You can apply the same guardrail type to both input and output directions. For example, PII detection is commonly applied in both directions to prevent sensitive data from being sent to or returned from the LLM.

Severity mapping

Severity mapping assigns a severity level to guardrail categories when a finding is discovered. This enables you to adjust the urgency of flagged issues to align with your internal risk tolerance and security policies. Available severity levels from most to least severe are:

  • Critical
  • High
  • Medium
  • Low
  • Info
JSON
"severity_mapping": {
  "jailbreak": "critical",
  "toxicity": "high",
  "secret": "critical",
  "pii/email": "medium",
  "pii/credit_card": "high",
  "pii/phone": "medium",
  "pii/ip_address": "low",
  "pii/ssn": "critical",
}

Note

PII guardrails support subcategories (such as pii/email, pii/credit_card, or pii/ssn) that can each be assigned a different severity level, giving you granular control over how different types of personal data are treated.

Triggers

Triggers define the enforcement action when a finding meets a severity threshold:

  • Block – Stops the message entirely, preventing it from being sent or delivered.
  • Redact – Masks the detected sensitive content while allowing the rest of the message to pass.
JSON
"triggers": [
  {
    "type": "redact",
    "name": "Redact medium and above",
    "severity": "medium"
  },
  {
    "type": "block",
    "name": "Block critical findings",
    "severity": "critical"
  }
]

Important

Block triggers take precedence over redact triggers. If a message matches both a block and a redact trigger, the message is blocked.

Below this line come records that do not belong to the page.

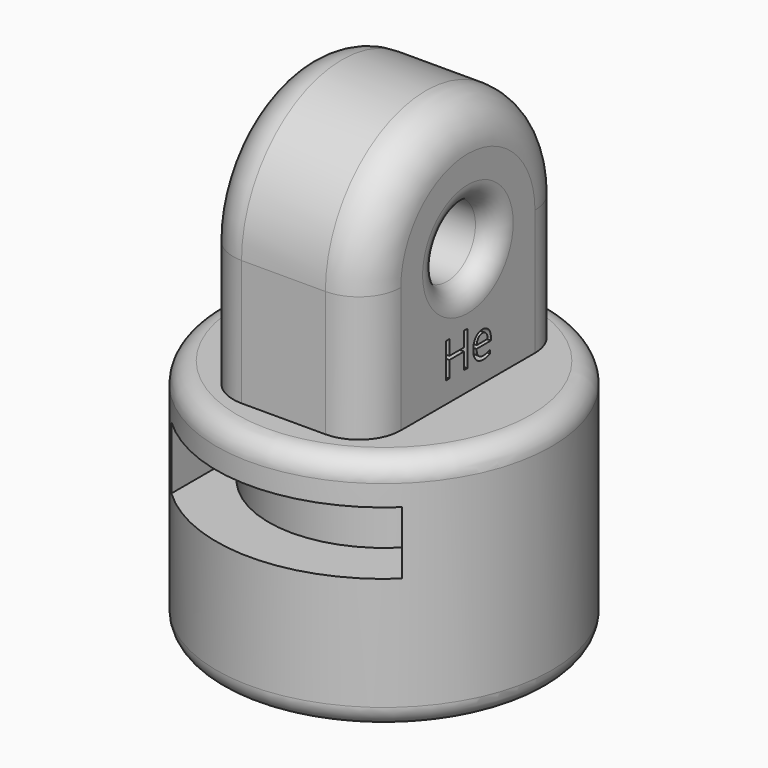
from build123d import *

# Parameters (mm, degrees)
F0_R          = 7
F1_DEPTH      = 9.4
F2_R          = 5.5
F3_DEPTH      = 8.9
F4_W          = 11
F4_H          = 10
F5_DEPTH      = 3
F6_R          = 7
F7_DEPTH      = 2
F8_R          = 1
F9_DEPTH      = 12.5
F10_R         = 1.7
F11_DEPTH     = 4
F12_R         = 1.2
F13_DEPTH     = 4.7968406421
F14_T1_DEPTH  = 6
F14_T4_ANGLE  = 180
F15_T1_DEPTH  = 6
F15_T4_ANGLE  = 180
F16_R         = 1
F17_R         = 0.5
F18_R         = 0.5
F19_TEXT_SIZE = 2.3244774241
F20_DEPTH     = 0.5
F21_R         = 8
F21_R_2       = 7
F22_DEPTH     = 11.4
F23_DEPTH     = 3
F24_DEPTH     = 12.5
F25_R         = 1
F26_R         = 1


# Not quite as in the source:
# - a fillet or chamfer that OpenCascade refuses, or shapes differently, is made with other operations: its cross-section is extruded or revolved along the edge and cut away or added
# - Text() gives the source's letters only with a copy of the font that has no kerning and outlines rounded to 1/6400 em; it was checked with that copy


with BuildPart() as f1:
    # F0 (on Top) → F1 (new body)
    with BuildSketch(Plane.XY):
        Circle(F0_R)
    extrude(amount=F1_DEPTH)

    # F2 (on face) → F3 (cut)
    with BuildSketch(Plane.XY.offset(9.4)):
        Circle(F2_R)
    extrude(amount=-F3_DEPTH, mode=Mode.SUBTRACT)

    # F4 (on face) → F5 (cut)
    with BuildSketch(Plane.XY.offset(9.4)):
        with Locations((0, -5)):
            Rectangle(F4_W, F4_H)
    extrude(amount=-F5_DEPTH, mode=Mode.SUBTRACT)

    # F6 (on face) → F7 (join)
    with BuildSketch(Plane.XY.offset(9.4)):
        Circle(F6_R)
    extrude(amount=F7_DEPTH)

    # F8 (on Front) → F9 (cut, symmetric)
    with BuildSketch(Plane.XZ):
        with Locations((0, 7.9)):
            Circle(F8_R)
    extrude(amount=F9_DEPTH, both=True, mode=Mode.SUBTRACT)

    # F10 (on Right) → F11 (join, symmetric)
    with BuildSketch(Plane.YZ):
        with BuildLine():
            Line((-6, 11.4), (6, 11.4))
            Line((6, 11.4), (6, 17.4))
            ThreePointArc((6, 17.4), (0, 23.4), (-6, 17.4))
            Line((-6, 17.4), (-6, 11.4))
        make_face()
        with Locations((0, 17.4)):
            Circle(F10_R, mode=Mode.SUBTRACT)
    extrude(amount=F11_DEPTH, both=True)

    # F12 (on face) → F13 (cut, through all)
    with BuildSketch(Plane(origin=(0, 6, 0), x_dir=(-1, 0, 0), z_dir=(0, 1, 0))):
        with Locations((0, 17.4)):
            Circle(F12_R)
    extrude(amount=-F13_DEPTH, mode=Mode.SUBTRACT)

    # F14: fillet of radius 2 on 3 edges, made by hand

    # F14_s2 → F14_t1 (cut)
    with BuildSketch(Plane.XY.offset(11.4)):
        with BuildLine():
            ThreePointArc((4, 4), (3.4142135624, 5.4142135624), (2, 6))
            Line((2, 6), (4, 6))
            Line((4, 6), (4, 4))
        make_face()
        with BuildLine():
            ThreePointArc((4, -4), (3.4142135624, -5.4142135624), (2, -6))
            Line((2, -6), (4, -6))
            Line((4, -6), (4, -4))
        make_face()
    extrude(amount=F14_T1_DEPTH, mode=Mode.SUBTRACT)

    # F14_s3 → F14_t4 (revolve, cut)
    with BuildSketch(Plane.XY.offset(17.4)):
        with BuildLine():
            ThreePointArc((4, 4), (3.4142135624, 5.4142135624), (2, 6))
            Line((2, 6), (4, 6))
            Line((4, 6), (4, 4))
        make_face()
    revolve(axis=Axis((4, 0, 17.4), (1, 0, 0)), revolution_arc=F14_T4_ANGLE, mode=Mode.SUBTRACT)

    # F15: fillet of radius 2 on 3 edges, made by hand

    # F15_s2 → F15_t1 (cut)
    with BuildSketch(Plane.XY.offset(11.4)):
        with BuildLine():
            ThreePointArc((-2, 6), (-3.4142135624, 5.4142135624), (-4, 4))
            Line((-4, 4), (-4, 6))
            Line((-4, 6), (-2, 6))
        make_face()
        with BuildLine():
            ThreePointArc((-2, -6), (-3.4142135624, -5.4142135624), (-4, -4))
            Line((-4, -4), (-4, -6))
            Line((-4, -6), (-2, -6))
        make_face()
    extrude(amount=F15_T1_DEPTH, mode=Mode.SUBTRACT)

    # F15_s3 → F15_t4 (revolve, cut)
    with BuildSketch(Plane.XY.offset(17.4)):
        with BuildLine():
            ThreePointArc((-4, 4), (-3.4142135624, 5.4142135624), (-2, 6))
            Line((-2, 6), (-4, 6))
            Line((-4, 6), (-4, 4))
        make_face()
    revolve(axis=Axis((-4, 0, 17.4), (1, 0, 0)), revolution_arc=F15_T4_ANGLE, mode=Mode.SUBTRACT)

    # F16
    f16_edges = [f1.edges().sort_by_distance(p)[0] for p in [
        (-4, -1.7, 17.4),
        (4, -1.7, 17.4),
    ]]
    fillet(f16_edges, radius=F16_R)

    # F17
    f17_edges = [f1.edges().sort_by_distance(p)[0] for p in [
        (-1, 6.928203, 7.9),
    ]]
    fillet(f17_edges, radius=F17_R)

    # F18
    f18_edges = [f1.edges().sort_by_distance(p)[0] for p in [
        (0, 5.878775, 18.6),
        (0, 6, 16.2),
    ]]
    fillet(f18_edges, radius=F18_R)

    # F19 (on face) → F20 (cut)
    with BuildSketch(Plane.YZ.offset(4)):
        with Locations((-1.524167111, 12.4)):
            Text('He', F19_TEXT_SIZE, font='Open Sans', text_align=(TextAlign.LEFT, TextAlign.BOTTOM))
    extrude(amount=-F20_DEPTH, mode=Mode.SUBTRACT)

    # F21 (on Top) → F22 (join)
    with BuildSketch(Plane.XY):
        Circle(F21_R)
        Circle(F21_R_2, mode=Mode.SUBTRACT)
    extrude(amount=F22_DEPTH)

    # F4 (on face) → F23 (cut)
    with BuildSketch(Plane.XY.offset(9.4)):
        with Locations((0, -5)):
            Rectangle(F4_W, F4_H)
    extrude(amount=-F23_DEPTH, mode=Mode.SUBTRACT)

    # F8 (on Front) → F24 (cut, symmetric)
    with BuildSketch(Plane.XZ):
        with Locations((0, 7.9)):
            Circle(F8_R)
    extrude(amount=F24_DEPTH, both=True, mode=Mode.SUBTRACT)

    # F25
    f25_edges = [f1.edges().sort_by_distance(p)[0] for p in [
        (-8, 0, 11.4),
    ]]
    fillet(f25_edges, radius=F25_R)

    # F26
    f26_edges = [f1.edges().sort_by_distance(p)[0] for p in [
        (-8, 0, 0),
    ]]
    fillet(f26_edges, radius=F26_R)


solid = f1.part
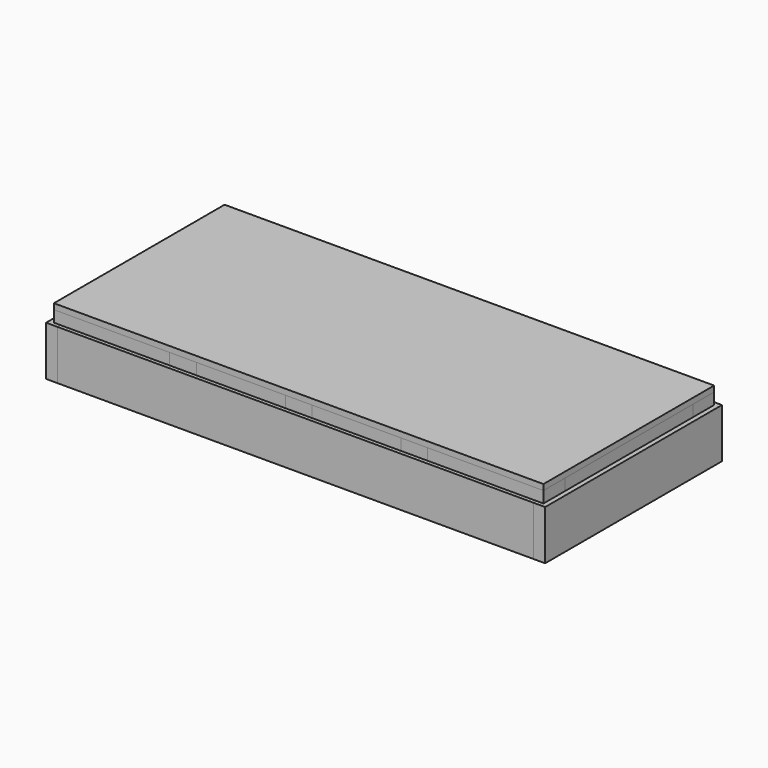
from build123d import *

# Parameters (mm, degrees)
F1_DEPTH  = 82.55
F0_W      = 1587.5
F0_H      = 38.1
F2_DEPTH  = 82.55
F3_DEPTH  = 82.55
F4_DEPTH  = 82.55
F5_W      = 88.9
F5_H      = 533.4
F6_DEPTH  = 38.1
F5_H_2    = 25.4
F7_DEPTH  = 38.1
F8_DEPTH  = 38.1
F9_DEPTH  = 38.1
F10_DEPTH = 38.1
F11_DEPTH = 38.1
F5_W_2    = 296.8625
F5_H_3    = 88.9
F5_W_3    = 363.5375
F12_DEPTH = 38.1
F5_H_4    = 63.5
F15_W     = 1631.95
F15_H     = 711.2
F16_DEPTH = 19.05


# Not quite as in the source:
# - a feature names something its author has since deleted; it is built from what else it names


with BuildPart() as f1:
    # F0 (on Top) → F1 (new body, symmetric)
    with BuildSketch(Plane.XY):
        Polygon((0, -38.1), (0, 0), (0, 660.4), (0, 698.5), (-38.1, 698.5), (-38.1, -38.1), align=None)
    extrude(amount=F1_DEPTH, both=True)


with BuildPart() as f2:
    # F0 (on Top) → F2 (new body, symmetric)
    with BuildSketch(Plane.XY):
        with Locations((793.75, 679.45)):
            Rectangle(F0_W, F0_H)
    extrude(amount=F2_DEPTH, both=True)


with BuildPart() as f3:
    # F0 (on Top) → F3 (new body, symmetric)
    with BuildSketch(Plane.XY):
        with Locations((793.75, -19.05)):
            Rectangle(F0_W, F0_H)
    extrude(amount=F3_DEPTH, both=True)


with BuildPart() as f4:
    # F0 (on Top) → F4 (new body, symmetric)
    with BuildSketch(Plane.XY):
        Polygon((1587.5, 660.4), (1587.5, 0), (1587.5, -38.1), (1625.6, -38.1), (1625.6, 698.5), (1587.5, 698.5), align=None)
    extrude(amount=F4_DEPTH, both=True)


with BuildPart() as f6:
    # F5 (on face) → F6 (new body)
    with BuildSketch(Plane.XY.offset(82.55)):
        with Locations((22.225, 330.2)):
            Rectangle(F5_W, F5_H)
    extrude(amount=F6_DEPTH)


with BuildPart() as f7:
    # F5 (on face) → F7 (new body)
    with BuildSketch(Plane.XY.offset(82.55)):
        Polygon((363.5375, 596.9), (363.5375, 63.5), (363.5375, 0), (452.4375, 0), (452.4375, 63.5), (452.4375, 596.9), (452.4375, 685.8), (363.5375, 685.8), align=None)
        with Locations((407.9875, -12.7)):
            Rectangle(F5_W, F5_H_2)
    extrude(amount=F7_DEPTH)


with BuildPart() as f8:
    # F5 (on face) → F8 (new body)
    with BuildSketch(Plane.XY.offset(82.55)):
        Polygon((749.3, 63.5), (749.3, 0), (838.2, 0), (838.2, 63.5), (838.2, 596.9), (838.2, 685.8), (749.3, 685.8), (749.3, 596.9), align=None)
        with Locations((793.75, -12.7)):
            Rectangle(F5_W, F5_H_2)
    extrude(amount=F8_DEPTH)


with BuildPart() as f9:
    # F5 (on face) → F9 (new body)
    with BuildSketch(Plane.XY.offset(82.55)):
        Polygon((1135.0625, 0), (1223.9625, 0), (1223.9625, 63.5), (1223.9625, 596.9), (1223.9625, 685.8), (1135.0625, 685.8), (1135.0625, 596.9), (1135.0625, 63.5), align=None)
        with Locations((1179.5125, -12.7)):
            Rectangle(F5_W, F5_H_2)
    extrude(amount=F9_DEPTH)


with BuildPart() as f10:
    # F5 (on face) → F10 (new body)
    with BuildSketch(Plane.XY.offset(82.55)):
        with Locations((1565.275, 330.2)):
            Rectangle(F5_W, F5_H)
    extrude(amount=F10_DEPTH)


with BuildPart() as f11:
    # F5 (on face) → F11 (new body)
    with BuildSketch(Plane.XY.offset(82.55)):
        Polygon((-22.225, 685.8), (-22.225, 596.9), (66.675, 596.9), (363.5375, 596.9), (363.5375, 685.8), align=None)
    extrude(amount=F11_DEPTH)


with BuildPart() as f11b:
    # F5 (on face) → F11, piece 2 (new body)
    with BuildSketch(Plane.XY.offset(82.55)):
        with Locations((600.86875, 641.35)):
            Rectangle(F5_W_2, F5_H_3)
    extrude(amount=F11_DEPTH)


with BuildPart() as f11c:
    # F5 (on face) → F11, piece 3 (new body)
    with BuildSketch(Plane.XY.offset(82.55)):
        with Locations((986.63125, 641.35)):
            Rectangle(F5_W_2, F5_H_3)
    extrude(amount=F11_DEPTH)


with BuildPart() as f11d:
    # F5 (on face) → F11, piece 4 (new body)
    with BuildSketch(Plane.XY.offset(82.55)):
        Polygon((1520.825, 596.9), (1609.725, 596.9), (1609.725, 685.8), (1223.9625, 685.8), (1223.9625, 596.9), align=None)
    extrude(amount=F11_DEPTH)


with BuildPart() as f12:
    # F5 (on face) → F12 (new body)
    with BuildSketch(Plane.XY.offset(82.55)):
        with Locations((181.76875, -12.7)):
            Rectangle(F5_W_3, F5_H_2)
        Polygon((-22.225, 63.5), (-22.225, -25.4), (0, -25.4), (0, 0), (363.5375, 0), (363.5375, 63.5), (66.675, 63.5), align=None)
    extrude(amount=F12_DEPTH)


with BuildPart() as f12b:
    # F5 (on face) → F12, piece 2 (new body)
    with BuildSketch(Plane.XY.offset(82.55)):
        with Locations((600.86875, 31.75)):
            Rectangle(F5_W_2, F5_H_4)
        with Locations((600.86875, -12.7)):
            Rectangle(F5_W_2, F5_H_2)
    extrude(amount=F12_DEPTH)


with BuildPart() as f12c:
    # F5 (on face) → F12, piece 3 (new body)
    with BuildSketch(Plane.XY.offset(82.55)):
        with Locations((986.63125, 31.75)):
            Rectangle(F5_W_2, F5_H_4)
        with Locations((986.63125, -12.7)):
            Rectangle(F5_W_2, F5_H_2)
    extrude(amount=F12_DEPTH)


with BuildPart() as f12d:
    # F5 (on face) → F12, piece 4 (new body)
    with BuildSketch(Plane.XY.offset(82.55)):
        Polygon((1587.5, 0), (1587.5, -25.4), (1609.725, -25.4), (1609.725, 63.5), (1520.825, 63.5), (1223.9625, 63.5), (1223.9625, 0), align=None)
        with Locations((1405.73125, -12.7)):
            Rectangle(F5_W_3, F5_H_2)
    extrude(amount=F12_DEPTH)


with BuildPart() as f16:
    # F15 (on 3pt) → F16 (new body)
    with BuildSketch(Plane(origin=(0, 0, 120.65), x_dir=(1, 0, 0), z_dir=(0, 0, -1))):
        with Locations((793.75, -330.2)):
            Rectangle(F15_W, F15_H)
    extrude(amount=-F16_DEPTH)


solid = Compound([f1.part, f2.part, f3.part, f4.part, f6.part, f7.part, f8.part, f9.part, f10.part, f11.part, f11b.part, f11c.part, f11d.part, f12.part, f12b.part, f12c.part, f12d.part, f16.part])

For example, given a block trigger at critical and a redact trigger at medium, the effective behavior is:

Severity Action
Critical Blocked
High Redacted
Medium Redacted
Low Allowed

Example

The following example policy applies jailbreak, PII, and secrets guardrails to user input, and toxicity and PII guardrails to LLM output. Critical findings are blocked, and findings at medium severity or above are redacted:

JSON
{
  "id": "production_policy",
  "name": "Production Guardrail Policy",
  "detectors": {
    "user": [
      { "type": "jailbreak", "name": "Jailbreak detection" },
      { "type": "pii", "name": "PII filter (input)" },
      { "type": "secret", "name": "Secrets scanner" }
    ],
    "assistant": [
      { "type": "toxicity", "name": "Toxicity filter" },
      { "type": "pii", "name": "PII filter (output)" },
    ]
  },
  "severity_mapping": {
    "jailbreak": "critical",
    "toxicity": "high",
    "secret": "critical",
    "pii/email": "medium",
    "pii/credit_card": "high",
    "pii/phone": "medium",
    "pii/ip_address": "low",
    "pii/ssn": "critical",
  },
  "triggers": [
    {
      "type": "redact",
      "name": "Redact medium and above",
      "severity": "medium"
    },
    {
      "type": "block",
      "name": "Block critical findings",
      "severity": "critical"
    }
  ]
}

Activate policies on the gateway

Only one policy can be active at a time. Activating a new policy automatically replaces the previous one.

The AI Gateway retrieves the active policy in one of two ways, depending on the WEB_API_BASE_URL variable in the gateway’s .env file:

  • Remote (default) – The gateway fetches the active policy from your AQG instance using WEB_API_BASE_URL and WEB_API_KEY.
  • Local – If WEB_API_BASE_URL is left blank, the gateway loads policies from a local project_db.json file on the gateway host. This is useful for air-gapped environments or testing.

Important

The gateway loads its policy at startup. After switching the active policy in AQG, restart the gateway for the change to take effect. Refer to Safe policy switching for the recommended procedure.

To manage policies in the AQG console, refer to Managing guardrail policies.